Bug#979995: There should be a sensible compile time default for the location of the file that contains trusted CA certificates

Thu Jan 14 10:25:15 GMT 2021

On Wed, Jan 13, 2021 at 05:12:39PM -0800, Ryan Tandy wrote:

Hi,

> > Can you somehow make the library complain very loudly when an attempt is
> > made to use CACERTDIR, but the setting is ignored?
> 
> This is not sarcastic, but a good faith question: if it had printed
> something to stderr, would you have seen it?

Yes. I have sssd logging to stderr and use svlogd to write the messages to
files. Whatever the library printed on stderr would have appeared among the
sssd log messages.

> I don't think I have any way to
> make something appear in (for example) sssd's own log file.

Probably not. The realistic alternatives are stderr and syslog.

> In fact, it does already log a warning, but I suppose most applications
> using the library probably don't enable any log level.

Exactly. I had to use an (at the time) undocumented setting to turn up
libldap debugging in sssd to see what was going on.

> https://git.openldap.org/openldap/openldap/-/blob/OPENLDAP_REL_ENG_2_4/libraries/libldap/tls_g.c#L187-190

Yes, this is the warning I eventually saw, once I knew where to look.
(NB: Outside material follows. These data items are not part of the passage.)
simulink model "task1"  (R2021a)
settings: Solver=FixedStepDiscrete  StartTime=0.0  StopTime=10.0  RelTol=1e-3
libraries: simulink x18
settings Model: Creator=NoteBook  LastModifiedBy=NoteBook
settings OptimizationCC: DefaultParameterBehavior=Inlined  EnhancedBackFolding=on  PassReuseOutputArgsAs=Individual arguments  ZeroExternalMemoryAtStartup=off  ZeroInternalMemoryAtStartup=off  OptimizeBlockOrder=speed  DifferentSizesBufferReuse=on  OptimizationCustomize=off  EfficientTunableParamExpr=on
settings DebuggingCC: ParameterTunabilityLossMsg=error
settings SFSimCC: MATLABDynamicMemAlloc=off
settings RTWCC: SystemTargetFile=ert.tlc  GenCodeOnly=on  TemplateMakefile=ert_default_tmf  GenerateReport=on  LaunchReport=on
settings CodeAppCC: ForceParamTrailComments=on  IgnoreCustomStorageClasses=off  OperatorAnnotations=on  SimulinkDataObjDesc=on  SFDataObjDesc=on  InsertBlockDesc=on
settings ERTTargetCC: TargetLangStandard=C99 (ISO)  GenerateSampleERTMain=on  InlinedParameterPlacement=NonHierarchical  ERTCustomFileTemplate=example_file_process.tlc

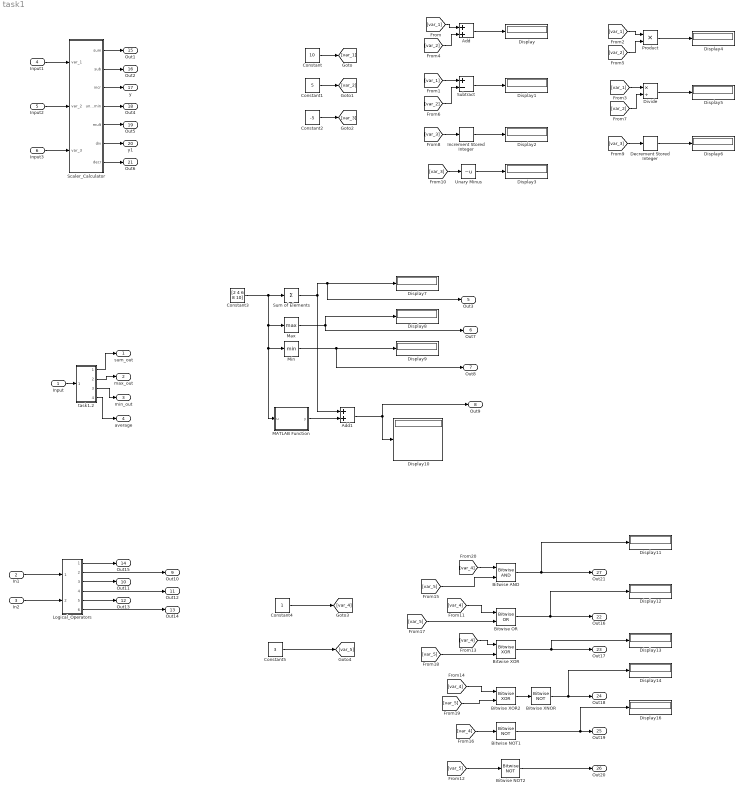
== system task1 ==
  Input : Inport
  In1 : Inport  Port=2
  In2 : Inport  Port=3
  Input1 : Inport  Port=4
  Input2 : Inport  Port=5
  Input3 : Inport  Port=6
  Add : Sum
  Add1 : Sum
  Bitwise AND : simulink/Logic and Bit Operations/Bitwise Operator  logicop=AND  UseBitMask=off  NumInputPorts=2  BitMask=bin2dec('11011001')  BitMaskRealWorld=Stored Integer
  Bitwise NOT1 : simulink/Logic and Bit Operations/Bitwise Operator  logicop=NOT  UseBitMask=off  BitMask=bin2dec('11011001')  BitMaskRealWorld=Stored Integer
  Bitwise NOT2 : simulink/Logic and Bit Operations/Bitwise Operator  logicop=NOT  UseBitMask=off  BitMask=bin2dec('11011001')  BitMaskRealWorld=Stored Integer
  Bitwise OR : simulink/Logic and Bit Operations/Bitwise Operator  logicop=OR  UseBitMask=off  NumInputPorts=2  BitMask=bin2dec('11011001')  BitMaskRealWorld=Stored Integer
  Bitwise XNOR : simulink/Logic and Bit Operations/Bitwise Operator  logicop=NOT  UseBitMask=off  BitMask=bin2dec('11011001')  BitMaskRealWorld=Stored Integer
  Bitwise XOR : simulink/Logic and Bit Operations/Bitwise Operator  logicop=XOR  UseBitMask=off  NumInputPorts=2  BitMask=bin2dec('11011001')  BitMaskRealWorld=Stored Integer
  Bitwise XOR2 : simulink/Logic and Bit Operations/Bitwise Operator  logicop=XOR  UseBitMask=off  NumInputPorts=2  BitMask=bin2dec('11011001')  BitMaskRealWorld=Stored Integer
  Constant : Constant  Value=10
  Constant1 : Constant  Value=5
  Constant2 : Constant  Value=-5
  Constant3 : Constant  Value=[2 4 6 8 10]
  Constant4 : Constant  OutDataTypeStr=uint32
  Constant5 : Constant  Value=3  OutDataTypeStr=uint32
  Decrement Stored Integer : simulink/Additional Math & Discrete/Additional Math: Increment - Decrement/Decrement Stored Integer
      settings: SourceProductBaseCode=SL
  Display{,1..14,16} (16 alike) : Display
  Divide : Product  Inputs=*/
  Increment Stored Integer : simulink/Additional Math & Discrete/Additional Math: Increment - Decrement/Increment Stored Integer
  Logical_Operators : Subsystem
  MATLAB Function : MATLAB Function  TreatAsAtomicUnit=on
  Max : MinMax  Function=max
  Min : MinMax
  Product : Product
  Scaler_Calculator : Subsystem
  Subtract : Sum  Inputs=+-
  Sum of Elements : Sum  Inputs=+
  Unary Minus : UnaryMinus
  task1.2 : Subsystem
  sum_out : Outport
  max_out : Outport  Port=2
  min_out : Outport  Port=3
  average : Outport  Port=4
  Out3 : Outport  Port=5
  Out7 : Outport  Port=6
  Out8 : Outport  Port=7
  Out9 : Outport  Port=8
  Out10 : Outport  Port=9
  Out11 : Outport  Port=10
  Out12 : Outport  Port=11
  Out13 : Outport  Port=12
  Out14 : Outport  Port=13
  Out15 : Outport  Port=14
  Out1 : Outport  Port=15
  Out2 : Outport  Port=16
  y : Outport  Port=17
  Out4 : Outport  Port=18
  Out5 : Outport  Port=19
  y1 : Outport  Port=20
  Out6 : Outport  Port=21
  Out16 : Outport  Port=22
  Out17 : Outport  Port=23
  Out18 : Outport  Port=24
  Out19 : Outport  Port=25
  Out20 : Outport  Port=26
  Out21 : Outport  Port=27
  wires:
  Input/1 -> task1.2/1(In1)
  task1.2/1(Out1) -> sum_out/1
  task1.2/2(Out2) -> max_out/1
  task1.2/3(Out3) -> min_out/1
  task1.2/4(Out4) -> average/1
  Add1/1 -> Out9/1, Display10/1
  Min/1 -> Out8/1, Display9/1
  MATLAB Function/1(y) -> Add1/2
  Max/1 -> Out7/1, Display8/1
  Constant3/1 -> MATLAB Function/1(u), Min/1, Max/1, Sum of Elements/1
  Sum of Elements/1 -> Add1/1, Out3/1, Display7/1
  In1/1 -> Logical_Operators/1(var_1)
  In2/1 -> Logical_Operators/2(var_2)
  Logical_Operators/1(Out1) -> Out15/1
  Logical_Operators/2(Out2) -> Out10/1
  Logical_Operators/3(Out3) -> Out11/1
  Logical_Operators/4(Out4) -> Out12/1
  Logical_Operators/5(Out5) -> Out13/1
  Logical_Operators/6(Out6) -> Out14/1
  [var_1] -> Subtract/1
  [var_3] -> Increment Stored Integer/1
  [var_3] -> Unary Minus/1
  Add/1 -> Display/1
  [var_2] -> Subtract/2
  [var_1] -> Add/1
  Constant1/1 -> [var_2]
  [var_2] -> Add/2
  Scaler_Calculator/5(mult) -> Out5/1
  Scaler_Calculator/7(decr) -> Out6/1
  Unary Minus/1 -> Display3/1
  Constant2/1 -> [var_3]
  Input2/1 -> Scaler_Calculator/2(var_2)
  Input1/1 -> Scaler_Calculator/1(var_1)
  Scaler_Calculator/2(sub) -> Out2/1
  Increment Stored Integer/1 -> Display2/1
  Scaler_Calculator/4(unarymin) -> Out4/1
  Subtract/1 -> Display1/1
  Scaler_Calculator/1(sum) -> Out1/1
  Scaler_Calculator/6(div) -> y1/1
  Scaler_Calculator/3(incr) -> y/1
  Input3/1 -> Scaler_Calculator/3(var_3)
  Constant/1 -> [var_1]
  [var_3] -> Decrement Stored Integer/1
  [var_2] -> Product/2
  [var_1] -> Divide/1
  [var_1] -> Product/1
  [var_2] -> Divide/2
  Divide/1 -> Display5/1
  Decrement Stored Integer/1 -> Display6/1
  Product/1 -> Display4/1
  Constant5/1 -> [var_5]
  [var_5] -> Bitwise OR/2
  [var_5] -> Bitwise XOR2/2
  [var_5] -> Bitwise AND/2
  [var_4] -> Bitwise NOT1/1
  [var_4] -> Bitwise OR/1
  Constant4/1 -> [var_4]
  [var_4] -> Bitwise XOR2/1
  [var_5] -> Bitwise NOT2/1
  Bitwise XOR2/1 -> Bitwise XNOR/1
  [var_4] -> Bitwise XOR/1
  Bitwise NOT1/1 -> Display16/1, Out19/1
  [var_5] -> Bitwise XOR/2
  Bitwise XOR/1 -> Display13/1, Out17/1
  Bitwise NOT2/1 -> Out20/1
  Bitwise OR/1 -> Display12/1, Out16/1
  Bitwise XNOR/1 -> Display14/1, Out18/1
  Bitwise AND/1 -> Display11/1, Out21/1
  [var_4] -> Bitwise AND/1

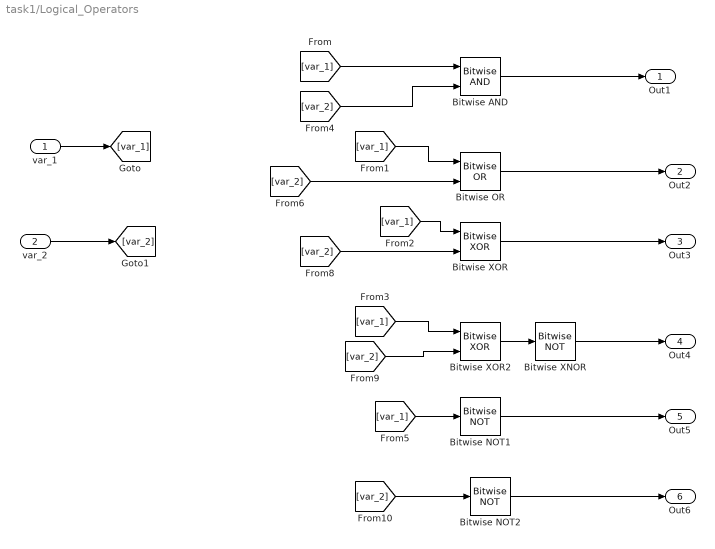
== system task1/Logical_Operators ==
  var_1 : Inport  OutDataTypeStr=uint32
  var_2 : Inport  Port=2  OutDataTypeStr=uint32
  Bitwise AND : simulink/Logic and Bit Operations/Bitwise Operator  logicop=AND  UseBitMask=off  NumInputPorts=2  BitMask=bin2dec('11011001')  BitMaskRealWorld=Stored Integer
  Bitwise NOT1 : simulink/Logic and Bit Operations/Bitwise Operator  logicop=NOT  UseBitMask=off  BitMask=bin2dec('11011001')  BitMaskRealWorld=Stored Integer
  Bitwise NOT2 : simulink/Logic and Bit Operations/Bitwise Operator  logicop=NOT  UseBitMask=off  BitMask=bin2dec('11011001')  BitMaskRealWorld=Stored Integer
  Bitwise OR : simulink/Logic and Bit Operations/Bitwise Operator  logicop=OR  UseBitMask=off  NumInputPorts=2  BitMask=bin2dec('11011001')  BitMaskRealWorld=Stored Integer
  Bitwise XNOR : simulink/Logic and Bit Operations/Bitwise Operator  logicop=NOT  UseBitMask=off  BitMask=bin2dec('11011001')  BitMaskRealWorld=Stored Integer
  Bitwise XOR : simulink/Logic and Bit Operations/Bitwise Operator  logicop=XOR  UseBitMask=off  NumInputPorts=2  BitMask=bin2dec('11011001')  BitMaskRealWorld=Stored Integer
  Bitwise XOR2 : simulink/Logic and Bit Operations/Bitwise Operator  logicop=XOR  UseBitMask=off  NumInputPorts=2  BitMask=bin2dec('11011001')  BitMaskRealWorld=Stored Integer
  Out1 : Outport
  Out2 : Outport  Port=2
  Out3 : Outport  Port=3
  Out4 : Outport  Port=4
  Out5 : Outport  Port=5
  Out6 : Outport  Port=6
  wires:
  Bitwise NOT2/1 -> Out6/1
  Bitwise XOR2/1 -> Bitwise XNOR/1
  Bitwise AND/1 -> Out1/1
  Bitwise XNOR/1 -> Out4/1
  Bitwise OR/1 -> Out2/1
  Bitwise NOT1/1 -> Out5/1
  Bitwise XOR/1 -> Out3/1
  var_1/1 -> [var_1]
  var_2/1 -> [var_2]
  [var_1] -> Bitwise AND/1
  [var_1] -> Bitwise OR/1
  [var_1] -> Bitwise XOR/1
  [var_1] -> Bitwise NOT1/1
  [var_1] -> Bitwise XOR2/1
  [var_2] -> Bitwise AND/2
  [var_2] -> Bitwise NOT2/1
  [var_2] -> Bitwise XOR2/2
  [var_2] -> Bitwise XOR/2
  [var_2] -> Bitwise OR/2

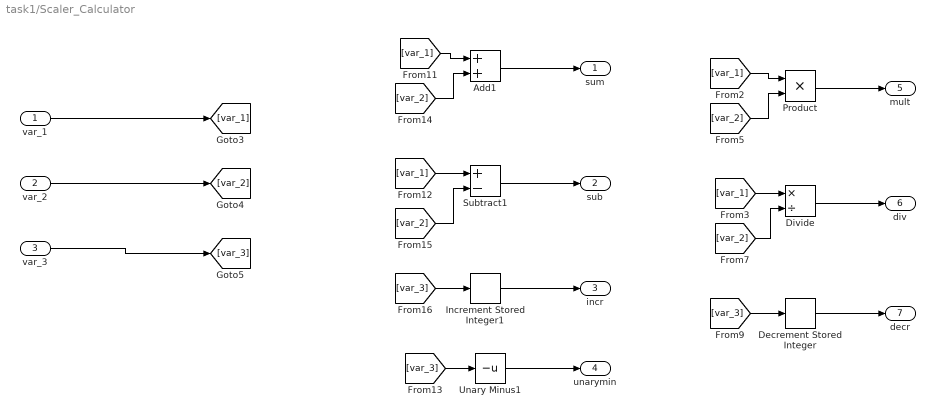
== system task1/Scaler_Calculator ==
  var_1 : Inport
  var_2 : Inport  Port=2
  var_3 : Inport  Port=3
  Add1 : Sum
  Decrement Stored Integer : simulink/Additional Math & Discrete/Additional Math: Increment - Decrement/Decrement Stored Integer
      settings: SourceProductBaseCode=SL
  Divide : Product  Inputs=*/
  Increment Stored Integer1 : simulink/Additional Math & Discrete/Additional Math: Increment - Decrement/Increment Stored Integer
  Product : Product
  Subtract1 : Sum  Inputs=+-
  Unary Minus1 : UnaryMinus
  sum : Outport
  sub : Outport  Port=2
  incr : Outport  Port=3
  unarymin : Outport  Port=4
  mult : Outport  Port=5
  div : Outport  Port=6
  decr : Outport  Port=7
  wires:
  Subtract1/1 -> sub/1
  [var_3] -> Increment Stored Integer1/1
  [var_2] -> Add1/2
  Increment Stored Integer1/1 -> incr/1
  [var_1] -> Add1/1
  [var_2] -> Subtract1/2
  [var_3] -> Unary Minus1/1
  [var_1] -> Subtract1/1
  var_3/1 -> [var_3]
  var_2/1 -> [var_2]
  Unary Minus1/1 -> unarymin/1
  var_1/1 -> [var_1]
  Add1/1 -> sum/1
  [var_2] -> Product/2
  [var_3] -> Decrement Stored Integer/1
  [var_1] -> Product/1
  [var_2] -> Divide/2
  [var_1] -> Divide/1
  Decrement Stored Integer/1 -> decr/1
  Product/1 -> mult/1
  Divide/1 -> div/1

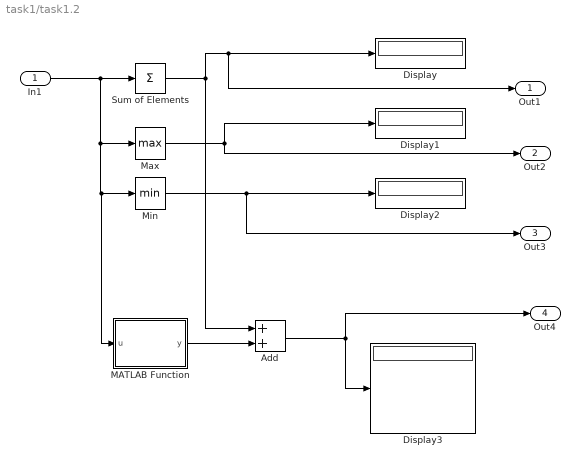
== system task1/task1.2 ==
  In1 : Inport
  Add : Sum
  Display{,1..3} (4 alike) : Display
  MATLAB Function : MATLAB Function  TreatAsAtomicUnit=on
  Max : MinMax  Function=max
  Min : MinMax
  Sum of Elements : Sum  Inputs=+
  Out1 : Outport
  Out2 : Outport  Port=2
  Out3 : Outport  Port=3
  Out4 : Outport  Port=4
  wires:
  Sum of Elements/1 -> Add/1, Out1/1, Display/1
  In1/1 -> MATLAB Function/1(u), Min/1, Max/1, Sum of Elements/1
  Min/1 -> Out3/1, Display2/1
  Max/1 -> Out2/1, Display1/1
  Add/1 -> Out4/1, Display3/1
  MATLAB Function/1(y) -> Add/2

== matlab function task1/task1.2/MATLAB Function ==
  data: u input; y output
function y = fcn(u)

y = u;

== matlab function task1/MATLAB Function ==
  data: u input; y output
function y = fcn(u)

y = u;

Since a configuration where no CA certificates are trusted and you still try
to use TLS is unlikely to be useful, I think a loud warning to stderr would
be appropriate in this case.

> On Wed, Jan 13, 2021 at 01:44:07PM +0100, Andras Korn wrote:
> > OK, looking further, part of the problem is that I didn't have
> > libldap-common installed, thus no /etc/ldap/ldap.conf.
> > 
> > Since this (and the accompanying manpage) is all that libldap-common
> > contains: what's the rationale for having these in a separate package?
> 
> Policy 8.2: "If your package contains files whose names do not change with
> each change in the library shared object version, you must not put them in
> the shared library package."

Okay, that makes sense. :(

I'm not sure what a good solution would be. It doesn't seem appropriate to
Depends on libldap-common, because libldap can definitely be used without
it; on the other hand, Debian does have sensible defaults for CAECERT & co,
but those are only enabled when the user installs a package that's merely
Recommended and thus easily missed.

As a user, my expectation would be not to have to configure CACERT* for
distribution packages, because the distribution has a well-known location
for system-wide trusted CA certificates; I would expect all packages to
default to using that. The status quo appears to violate the principle of
least surprise.

> > The libldap package only Recommends libldap-common (which is why I didn't
> > have it); however, it is libldap-common that enables the sensible defaults.
> > 
> > Why shouldn't libldap come with the sensible defaults itself?
> 
> It's your decision whether to install Recommends or not, but AFAIK it's
> generally not considered a bug if some feature or behaviour is missing when
> Recommends are not installed.

I don't think it's worthwhile to debate whether this is technically a bug or
not; it's an unfortunate situation, and I hope there is some way we (well,
mostly you and the other maintainers) can improve it.

> Why isn't the default in the code of libldap → this is upstream's decision,
> and I won't introduce a Debian-local change to override it, sorry.

In fact, it seems wrong that these defaults (and configuration) should be
specific to libldap; to me it would seem appropriate for Debian to ship
libgnutls so that by default it uses the CA certificate store of the
distribution. The upstream default of not trusting any certificates by
default makes sense for the upstream project, but not, IMO, for a
distribution that's expected to be integrated and self-consistent.

András

-- 
             Optimist: Someone who doesn't know all the facts yet.